__Work to complete__
The following data has a line with "0), (-19.9953867751, -0.4295436113))" and a line with "-5.8564554255), (-18.996297274, -6.2562520631))". Write out exactly those lines and all the lines between them.

:: Information supplied

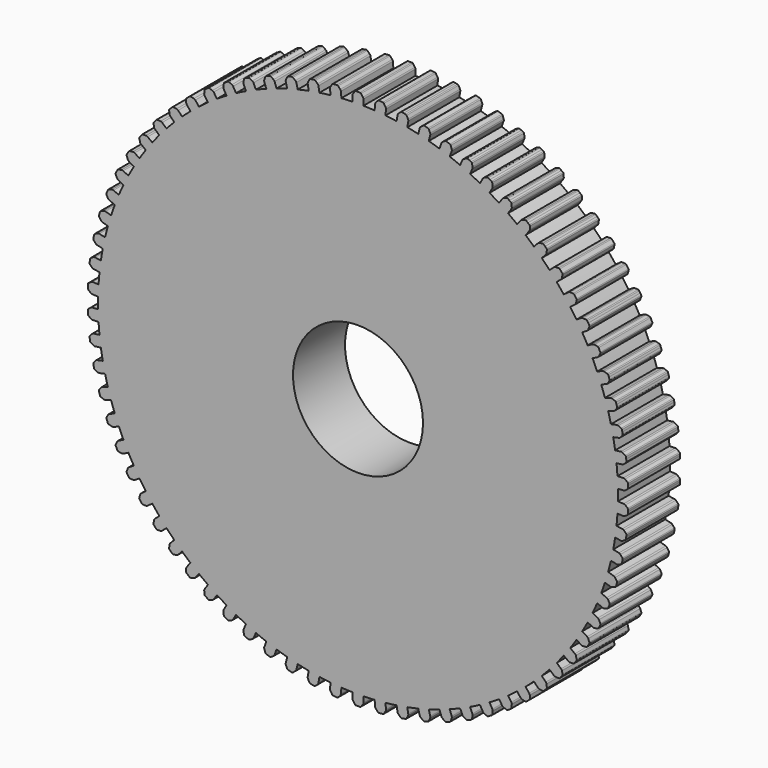
from build123d import *

# Parameters (mm, degrees)
F0_R     = 5
F1_DEPTH = 2.5


# Not quite as in the source:
# - ends of sketch curves that miss each other by under 0.0002 mm in the source are joined


with BuildPart() as f1:
    # F0 (on Front) → F1 (new body, symmetric)
    with BuildSketch(Plane.XZ):
        with BuildLine():
            ThreePointArc((19.9953867751, -0.4295436113), (19.9988466605, -0.2147841916), (20, 0))
            ThreePointArc((20, 0), (19.9988466605, 0.2147841916), (19.9953867751, 0.4295436113))
            ThreePointArc((19.9953867751, 0.4295436113), (19.9819793241, 0.8488240639), (19.9597810082, 1.2677310851))
            ThreePointArc((19.9597810082, 1.2677310851), (19.9279497709, 1.6961184895), (19.8869253221, 2.1237234363))
            ThreePointArc((19.8869253221, 2.1237234363), (19.8380087052, 2.5403563949), (19.7803645618, 2.9558717501))
            ThreePointArc((19.7803645618, 2.9558717501), (19.712318207, 3.3800164064), (19.6351781164, 3.8026017852))
            ThreePointArc((19.6351781164, 3.8026017852), (19.551104779, 4.2135853999), (19.4584301354, 4.6227152914))
            ThreePointArc((19.4584301354, 4.6227152914), (19.3546589387, 5.0395612277), (19.2419590025, 5.4540823011))
            ThreePointArc((19.2419590025, 5.4540823011), (19.1233346948, 5.8564554255), (18.996297274, 6.2562520631))
            ThreePointArc((18.996297274, 6.2562520631), (18.8575489092, 6.6627958948), (18.710101133, 7.066266029))
            ThreePointArc((18.710101133, 7.066266029), (18.5577805459, 7.4571295556), (18.3972956555, 7.8447123953))
            ThreePointArc((18.3972956555, 7.8447123953), (18.2245698078, 8.2380249649), (18.0434365561, 8.6275371483))
            ThreePointArc((18.0434365561, 8.6275371483), (17.858517163, 9.0040748964), (17.6657411002, 9.3766513949))
            ThreePointArc((17.6657411002, 9.3766513949), (17.4602822632, 9.7538988763), (17.2467686054, 10.1266466647))
            ThreePointArc((17.2467686054, 10.1266466647), (17.0305827547, 10.4861456711), (16.8069044754, 10.8410314064))
            ThreePointArc((16.8069044754, 10.8410314064), (16.5701929849, 11.1994957228), (16.3258372916, 11.5527934599))
            ThreePointArc((16.3258372916, 11.5527934599), (16.0799426073, 11.8926635261), (15.8269737188, 12.2273015381))
            ThreePointArc((15.8269737188, 12.2273015381), (15.5607150864, 12.5643999459), (15.2872779461, 12.8957021134))
            ThreePointArc((15.2872779461, 12.8957021134), (15.0134461051, 13.2134944678), (14.7330092539, 13.5254736821))
            ThreePointArc((14.7330092539, 13.5254736821), (14.4391218791, 13.8387773796), (14.1385734126, 14.1456969378))
            ThreePointArc((14.1385734126, 14.1456969378), (13.8387773796, 14.4391218791), (13.5328931197, 14.7261944783))
            ThreePointArc((13.5328931197, 14.7261944783), (13.2134944678, 15.0134461051), (12.8880001338, 15.2937716915))
            ThreePointArc((12.8880001338, 15.2937716915), (12.5643999459, 15.5607150864), (12.2352721804, 15.8208127058))
            ThreePointArc((12.2352721804, 15.8208127058), (11.8926635261, 16.0799426073), (11.5445685186, 16.3316544697))
            ThreePointArc((11.5445685186, 16.3316544697), (11.1994957228, 16.5701929849), (10.8494958247, 16.8014416152))
            ThreePointArc((10.8494958247, 16.8014416152), (10.4861456711, 17.0305827547), (10.1179580227, 17.2518673033))
            ThreePointArc((10.1179580227, 17.2518673033), (9.7538988763, 17.4602822632), (9.385548603, 17.6610157528))
            ThreePointArc((9.385548603, 17.6610157528), (9.0040748964, 17.858517163), (8.6184474075, 18.0477800376))
            ThreePointArc((8.6184474075, 18.0477800376), (8.2380249649, 18.2245698078), (7.8539782885, 18.3933418672))
            ThreePointArc((7.8539782885, 18.3933418672), (7.4571295556, 18.5577805459), (7.0568406811, 18.7136581031))
            ThreePointArc((7.0568406811, 18.7136581031), (6.6627958948, 18.8575489092), (6.2658198805, 18.9931435319))
            ThreePointArc((6.2658198805, 18.9931435319), (5.8564554255, 19.1233346948), (5.4443892559, 19.2447038333))
            ThreePointArc((5.4443892559, 19.2447038333), (5.0395612277, 19.3546589387), (4.6325160967, 19.4560991623))
            ThreePointArc((4.6325160967, 19.4560991623), (4.2135853999, 19.551104779), (3.7927108814, 19.6370910313))
            ThreePointArc((3.7927108814, 19.6370910313), (3.3800164064, 19.712318207), (2.9658349282, 19.7788731524))
            ThreePointArc((2.9658349282, 19.7788731524), (2.5403563949, 19.8380087052), (2.1137059381, 19.8879925384))
            ThreePointArc((2.1137059381, 19.8879925384), (1.6961184895, 19.9279497709), (1.2777848511, 19.9591399082))
            ThreePointArc((1.2777848511, 19.9591399082), (0.8497844269, 19.9819385053), (0.4213937304, 19.9955601903))
            ThreePointArc((0.4213937304, 19.9955601903), (0.4204327132, 19.99558042), (0.4194716951, 19.9956006036))
            ThreePointArc((0.4194716951, 19.9956006036), (0.3416806472, 19.9970811454), (0.2638844282, 19.9982590494))
            ThreePointArc((0.2638844282, 19.9982590494), (-0.0003038538, 19.9999999977), (-0.2644920828, 19.998251022))
            ThreePointArc((-0.2644920828, 19.998251022), (-0.3419844566, 19.997075952), (-0.4194716951, 19.9956006036))
            ThreePointArc((-0.4194716951, 19.9956006036), (-0.8488240639, 19.9819793241), (-1.2777848511, 19.9591399082))
            ThreePointArc((-1.2777848511, 19.9591399082), (-1.6961184895, 19.9279497709), (-2.1137059381, 19.8879925384))
            ThreePointArc((-2.1137059381, 19.8879925384), (-2.5403563949, 19.8380087052), (-2.9658349282, 19.7788731524))
            ThreePointArc((-2.9658349282, 19.7788731524), (-3.3800164064, 19.712318207), (-3.7927108814, 19.6370910313))
            ThreePointArc((-3.7927108814, 19.6370910313), (-4.2135853999, 19.551104779), (-4.6325160967, 19.4560991623))
            ThreePointArc((-4.6325160967, 19.4560991623), (-5.0395612277, 19.3546589387), (-5.4443892559, 19.2447038333))
            ThreePointArc((-5.4443892559, 19.2447038333), (-5.8564554255, 19.1233346948), (-6.2658198805, 18.9931435319))
            ThreePointArc((-6.2658198805, 18.9931435319), (-6.6627958948, 18.8575489092), (-7.0568406811, 18.7136581031))
            ThreePointArc((-7.0568406811, 18.7136581031), (-7.4571295556, 18.5577805459), (-7.8539782885, 18.3933418672))
            ThreePointArc((-7.8539782885, 18.3933418672), (-8.2380249649, 18.2245698078), (-8.6184474075, 18.0477800376))
            ThreePointArc((-8.6184474075, 18.0477800376), (-9.0040748964, 17.858517163), (-9.385548603, 17.6610157528))
            ThreePointArc((-9.385548603, 17.6610157528), (-9.7538988763, 17.4602822632), (-10.1179580227, 17.2518673033))
            ThreePointArc((-10.1179580227, 17.2518673033), (-10.4861456711, 17.0305827547), (-10.8494958247, 16.8014416152))
            ThreePointArc((-10.8494958247, 16.8014416152), (-11.1994957228, 16.5701929849), (-11.5445685186, 16.3316544697))
            ThreePointArc((-11.5445685186, 16.3316544697), (-11.8926635261, 16.0799426073), (-12.2352721804, 15.8208127058))
            ThreePointArc((-12.2352721804, 15.8208127058), (-12.5643999459, 15.5607150864), (-12.8880001338, 15.2937716915))
            ThreePointArc((-12.8880001338, 15.2937716915), (-13.2134944678, 15.0134461051), (-13.5328931197, 14.7261944783))
            ThreePointArc((-13.5328931197, 14.7261944783), (-13.8387773796, 14.4391218791), (-14.1385734126, 14.1456969378))
            ThreePointArc((-14.1385734126, 14.1456969378), (-14.4391218791, 13.8387773796), (-14.7330092539, 13.5254736821))
            ThreePointArc((-14.7330092539, 13.5254736821), (-15.0134461051, 13.2134944678), (-15.2872779461, 12.8957021134))
            ThreePointArc((-15.2872779461, 12.8957021134), (-15.5607150864, 12.5643999459), (-15.8269737188, 12.2273015381))
            ThreePointArc((-15.8269737188, 12.2273015381), (-16.0799426073, 11.8926635261), (-16.3258372916, 11.5527934599))
            ThreePointArc((-16.3258372916, 11.5527934599), (-16.5701929849, 11.1994957228), (-16.8069044754, 10.8410314064))
            ThreePointArc((-16.8069044754, 10.8410314064), (-17.0305827547, 10.4861456711), (-17.2467686054, 10.1266466647))
            ThreePointArc((-17.2467686054, 10.1266466647), (-17.4602822632, 9.7538988763), (-17.6657411002, 9.3766513949))
            ThreePointArc((-17.6657411002, 9.3766513949), (-17.858517163, 9.0040748964), (-18.0434365561, 8.6275371483))
            ThreePointArc((-18.0434365561, 8.6275371483), (-18.2245698078, 8.2380249649), (-18.3972956555, 7.8447123953))
            ThreePointArc((-18.3972956555, 7.8447123953), (-18.5577805459, 7.4571295556), (-18.710101133, 7.066266029))
            ThreePointArc((-18.710101133, 7.066266029), (-18.8575489092, 6.6627958948), (-18.996297274, 6.2562520631))
            ThreePointArc((-18.996297274, 6.2562520631), (-19.1233346948, 5.8564554255), (-19.2419590025, 5.4540823011))
            ThreePointArc((-19.2419590025, 5.4540823011), (-19.3546589387, 5.0395612277), (-19.4584301354, 4.6227152914))
            ThreePointArc((-19.4584301354, 4.6227152914), (-19.551104779, 4.2135853999), (-19.6351781164, 3.8026017852))
            ThreePointArc((-19.6351781164, 3.8026017852), (-19.712318207, 3.3800164064), (-19.7803645618, 2.9558717501))
            ThreePointArc((-19.7803645618, 2.9558717501), (-19.8380087052, 2.5403563949), (-19.8869253221, 2.1237234363))
            ThreePointArc((-19.8869253221, 2.1237234363), (-19.9279497709, 1.6961184895), (-19.9597810082, 1.2677310851))
            ThreePointArc((-19.9597810082, 1.2677310851), (-19.9819793241, 0.8488240639), (-19.9953867751, 0.4295436113))
            ThreePointArc((-19.9953867751, 0.4295436113), (-20, 0), (-19.9953867751, -0.4295436113))
            ThreePointArc((-19.9953867751, -0.4295436113), (-19.9819793241, -0.8488240639), (-19.9597810082, -1.2677310851))
            ThreePointArc((-19.9597810082, -1.2677310851), (-19.9279497709, -1.6961184895), (-19.8869253221, -2.1237234363))
            ThreePointArc((-19.8869253221, -2.1237234363), (-19.8380087052, -2.5403563949), (-19.7803645618, -2.9558717501))
            ThreePointArc((-19.7803645618, -2.9558717501), (-19.712318207, -3.3800164064), (-19.6351781164, -3.8026017852))
            ThreePointArc((-19.6351781164, -3.8026017852), (-19.551104779, -4.2135853999), (-19.4584301354, -4.6227152914))
            ThreePointArc((-19.4584301354, -4.6227152914), (-19.3546589387, -5.0395612277), (-19.2419590025, -5.4540823011))
            ThreePointArc((-19.2419590025, -5.4540823011), (-19.1233346948, -5.8564554255), (-18.996297274, -6.2562520631))
            ThreePointArc((-18.996297274, -6.2562520631), (-18.8575489092, -6.6627958948), (-18.710101133, -7.066266029))
            ThreePointArc((-18.710101133, -7.066266029), (-18.5577805459, -7.4571295556), (-18.3972956555, -7.8447123953))
            ThreePointArc((-18.3972956555, -7.8447123953), (-18.2245698078, -8.2380249649), (-18.0434365561, -8.6275371483))
            ThreePointArc((-18.0434365561, -8.6275371483), (-17.858517163, -9.0040748964), (-17.6657411002, -9.3766513949))
            ThreePointArc((-17.6657411002, -9.3766513949), (-17.4602822632, -9.7538988763), (-17.2467686054, -10.1266466647))
            ThreePointArc((-17.2467686054, -10.1266466647), (-17.0305827547, -10.4861456711), (-16.8069044754, -10.8410314064))
            ThreePointArc((-16.8069044754, -10.8410314064), (-16.5701929849, -11.1994957228), (-16.3258372916, -11.5527934599))
            ThreePointArc((-16.3258372916, -11.5527934599), (-16.0799426073, -11.8926635261), (-15.8269737188, -12.2273015381))
            ThreePointArc((-15.8269737188, -12.2273015381), (-15.5607150864, -12.5643999459), (-15.2872779461, -12.8957021134))
            ThreePointArc((-15.2872779461, -12.8957021134), (-15.0134461051, -13.2134944678), (-14.7330092539, -13.5254736821))
            ThreePointArc((-14.7330092539, -13.5254736821), (-14.4391218791, -13.8387773796), (-14.1385734126, -14.1456969378))
            ThreePointArc((-14.1385734126, -14.1456969378), (-13.8387773796, -14.4391218791), (-13.5328931197, -14.7261944783))
            ThreePointArc((-13.5328931197, -14.7261944783), (-13.2134944678, -15.0134461051), (-12.8880001338, -15.2937716915))
            ThreePointArc((-12.8880001338, -15.2937716915), (-12.5643999459, -15.5607150864), (-12.2352721804, -15.8208127058))
            ThreePointArc((-12.2352721804, -15.8208127058), (-11.8926635261, -16.0799426073), (-11.5445685186, -16.3316544697))
            ThreePointArc((-11.5445685186, -16.3316544697), (-11.1994957228, -16.5701929849), (-10.8494958247, -16.8014416152))
            ThreePointArc((-10.8494958247, -16.8014416152), (-10.4861456711, -17.0305827547), (-10.1179580227, -17.2518673033))
            ThreePointArc((-10.1179580227, -17.2518673033), (-9.7538988763, -17.4602822632), (-9.385548603, -17.6610157528))
            ThreePointArc((-9.385548603, -17.6610157528), (-9.0040748964, -17.858517163), (-8.6184474075, -18.0477800376))
            ThreePointArc((-8.6184474075, -18.0477800376), (-8.2380249649, -18.2245698078), (-7.8539782885, -18.3933418672))
            ThreePointArc((-7.8539782885, -18.3933418672), (-7.4580214618, -18.5574221236), (-7.0586394616, -18.7129796919))
            ThreePointArc((-7.0586394616, -18.7129796919), (-7.0577400795, -18.7133189192), (-7.0568406811, -18.7136581031))
            ThreePointArc((-7.0568406811, -18.7136581031), (-6.6627958948, -18.8575489092), (-6.2658198805, -18.9931435319))
            ThreePointArc((-6.2658198805, -18.9931435319), (-5.857374515, -19.1230532026), (-5.4462390896, -19.2441804133))
            ThreePointArc((-5.4462390896, -19.2441804133), (-5.4453141791, -19.2444421455), (-5.4443892559, -19.2447038333))
            ThreePointArc((-5.4443892559, -19.2447038333), (-5.0395612277, -19.3546589387), (-4.6325160967, -19.4560991623))
            ThreePointArc((-4.6325160967, -19.4560991623), (-4.2145250505, -19.5509022451), (-3.7945984401, -19.6367263738))
            ThreePointArc((-3.7945984401, -19.6367263738), (-3.7936546652, -19.6369087252), (-3.7927108814, -19.6370910313))
            ThreePointArc((-3.7927108814, -19.6370910313), (-3.3800164064, -19.712318207), (-2.9658349282, -19.7788731524))
            ThreePointArc((-2.9658349282, -19.7788731524), (-2.5413098365, -19.8378865889), (-2.115617622, -19.8877892707))
            ThreePointArc((-2.115617622, -19.8877892707), (-2.1146617825, -19.8878909275), (-2.1137059381, -19.8879925384))
            ThreePointArc((-2.1137059381, -19.8879925384), (-1.6961184895, -19.9279497709), (-1.2777848511, -19.9591399082))
            ThreePointArc((-1.2777848511, -19.9591399082), (-0.8497844269, -19.9819385053), (-0.4213937304, -19.9955601903))
            ThreePointArc((-0.4213937304, -19.9955601903), (-0.4204327132, -19.99558042), (-0.4194716951, -19.9956006036))
            ThreePointArc((-0.4194716951, -19.9956006036), (0, -20), (0.4194716951, -19.9956006036))
            ThreePointArc((0.4194716951, -19.9956006036), (0.847863699, -19.9820200968), (1.2758663127, -19.9592626405))
            ThreePointArc((1.2758663127, -19.9592626405), (1.2768255834, -19.9592012974), (1.2777848511, -19.9591399082))
            ThreePointArc((1.2777848511, -19.9591399082), (1.6961184895, -19.9279497709), (2.1137059381, -19.8879925384))
            ThreePointArc((2.1137059381, -19.8879925384), (2.5394029475, -19.8381307756), (2.9639337098, -19.779158146))
            ThreePointArc((2.9639337098, -19.779158146), (2.9648843224, -19.779015672), (2.9658349282, -19.7788731524))
            ThreePointArc((2.9658349282, -19.7788731524), (3.3800164064, -19.712318207), (3.7927108814, -19.6370910313))
            ThreePointArc((3.7927108814, -19.6370910313), (4.2126457396, -19.5513072676), (4.6306458965, -19.4565443638))
            ThreePointArc((4.6306458965, -19.4565443638), (4.631581002, -19.4563217855), (4.6325160967, -19.4560991623))
            ThreePointArc((4.6325160967, -19.4560991623), (5.0395612277, -19.3546589387), (5.4443892559, -19.2447038333))
            ThreePointArc((5.4443892559, -19.2447038333), (5.8555363225, -19.1236161428), (6.2639941735, -18.9937457336))
            ThreePointArc((6.2639941735, -18.9937457336), (6.2649070343, -18.9934446547), (6.2658198805, -18.9931435319))
            ThreePointArc((6.2658198805, -18.9931435319), (6.6627958948, -18.8575489092), (7.0568406811, -18.7136581031))
            ThreePointArc((7.0568406811, -18.7136581031), (7.4571295556, -18.5577805459), (7.8539782885, -18.3933418672))
            ThreePointArc((7.8539782885, -18.3933418672), (8.2380249649, -18.2245698078), (8.6184474075, -18.0477800376))
            ThreePointArc((8.6184474075, -18.0477800376), (9.0040748964, -17.858517163), (9.385548603, -17.6610157528))
            ThreePointArc((9.385548603, -17.6610157528), (9.7538988763, -17.4602822632), (10.1179580227, -17.2518673033))
            ThreePointArc((10.1179580227, -17.2518673033), (10.4861456711, -17.0305827547), (10.8494958247, -16.8014416152))
            ThreePointArc((10.8494958247, -16.8014416152), (11.1994957228, -16.5701929849), (11.5445685186, -16.3316544697))
            ThreePointArc((11.5445685186, -16.3316544697), (11.8926635261, -16.0799426073), (12.2352721804, -15.8208127058))
            ThreePointArc((12.2352721804, -15.8208127058), (12.5643999459, -15.5607150864), (12.8880001338, -15.2937716915))
            ThreePointArc((12.8880001338, -15.2937716915), (13.2134944678, -15.0134461051), (13.5328931197, -14.7261944783))
            ThreePointArc((13.5328931197, -14.7261944783), (13.8387773796, -14.4391218791), (14.1385734126, -14.1456969378))
            ThreePointArc((14.1385734126, -14.1456969378), (14.4391218791, -13.8387773796), (14.7330092539, -13.5254736821))
            ThreePointArc((14.7330092539, -13.5254736821), (15.0134461051, -13.2134944678), (15.2872779461, -12.8957021134))
            ThreePointArc((15.2872779461, -12.8957021134), (15.5607150864, -12.5643999459), (15.8269737188, -12.2273015381))
            ThreePointArc((15.8269737188, -12.2273015381), (16.0799426073, -11.8926635261), (16.3258372916, -11.5527934599))
            ThreePointArc((16.3258372916, -11.5527934599), (16.5701929849, -11.1994957228), (16.8069044754, -10.8410314064))
            ThreePointArc((16.8069044754, -10.8410314064), (17.0305827547, -10.4861456711), (17.2467686054, -10.1266466647))
            ThreePointArc((17.2467686054, -10.1266466647), (17.4602822632, -9.7538988763), (17.6657411002, -9.3766513949))
            ThreePointArc((17.6657411002, -9.3766513949), (17.858517163, -9.0040748964), (18.0434365561, -8.6275371483))
            ThreePointArc((18.0434365561, -8.6275371483), (18.2245698078, -8.2380249649), (18.3972956555, -7.8447123953))
            ThreePointArc((18.3972956555, -7.8447123953), (18.5577805459, -7.4571295556), (18.710101133, -7.066266029))
            ThreePointArc((18.710101133, -7.066266029), (18.8575489092, -6.6627958948), (18.996297274, -6.2562520631))
            ThreePointArc((18.996297274, -6.2562520631), (19.1233346948, -5.8564554255), (19.2419590025, -5.4540823011))
            ThreePointArc((19.2419590025, -5.4540823011), (19.3546589387, -5.0395612277), (19.4584301354, -4.6227152914))
            ThreePointArc((19.4584301354, -4.6227152914), (19.551104779, -4.2135853999), (19.6351781164, -3.8026017852))
            ThreePointArc((19.6351781164, -3.8026017852), (19.712318207, -3.3800164064), (19.7803645618, -2.9558717501))
            ThreePointArc((19.7803645618, -2.9558717501), (19.8380087052, -2.5403563949), (19.8869253221, -2.1237234363))
            ThreePointArc((19.8869253221, -2.1237234363), (19.9279497709, -1.6961184895), (19.9597810082, -1.2677310851))
            ThreePointArc((19.9597810082, -1.2677310851), (19.9819793241, -0.8488240639), (19.9953867751, -0.4295436113))
        make_face()
        Circle(F0_R, mode=Mode.SUBTRACT)
        with BuildLine():
            ThreePointArc((19.9597810082, 1.2677310851), (19.9819793241, 0.8488240639), (19.9953867751, 0.4295436113))
            Line((19.9953867751, 0.4295436113), (20.4440658139, 0.448603263))
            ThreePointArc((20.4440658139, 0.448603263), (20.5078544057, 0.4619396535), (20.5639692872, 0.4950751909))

::::

__Written response__
            ThreePointArc((-19.9953867751, 0.4295436113), (-20, 0), (-19.9953867751, -0.4295436113))
            ThreePointArc((-19.9953867751, -0.4295436113), (-19.9819793241, -0.8488240639), (-19.9597810082, -1.2677310851))
            ThreePointArc((-19.9597810082, -1.2677310851), (-19.9279497709, -1.6961184895), (-19.8869253221, -2.1237234363))
            ThreePointArc((-19.8869253221, -2.1237234363), (-19.8380087052, -2.5403563949), (-19.7803645618, -2.9558717501))
            ThreePointArc((-19.7803645618, -2.9558717501), (-19.712318207, -3.3800164064), (-19.6351781164, -3.8026017852))
            ThreePointArc((-19.6351781164, -3.8026017852), (-19.551104779, -4.2135853999), (-19.4584301354, -4.6227152914))
            ThreePointArc((-19.4584301354, -4.6227152914), (-19.3546589387, -5.0395612277), (-19.2419590025, -5.4540823011))
            ThreePointArc((-19.2419590025, -5.4540823011), (-19.1233346948, -5.8564554255), (-18.996297274, -6.2562520631))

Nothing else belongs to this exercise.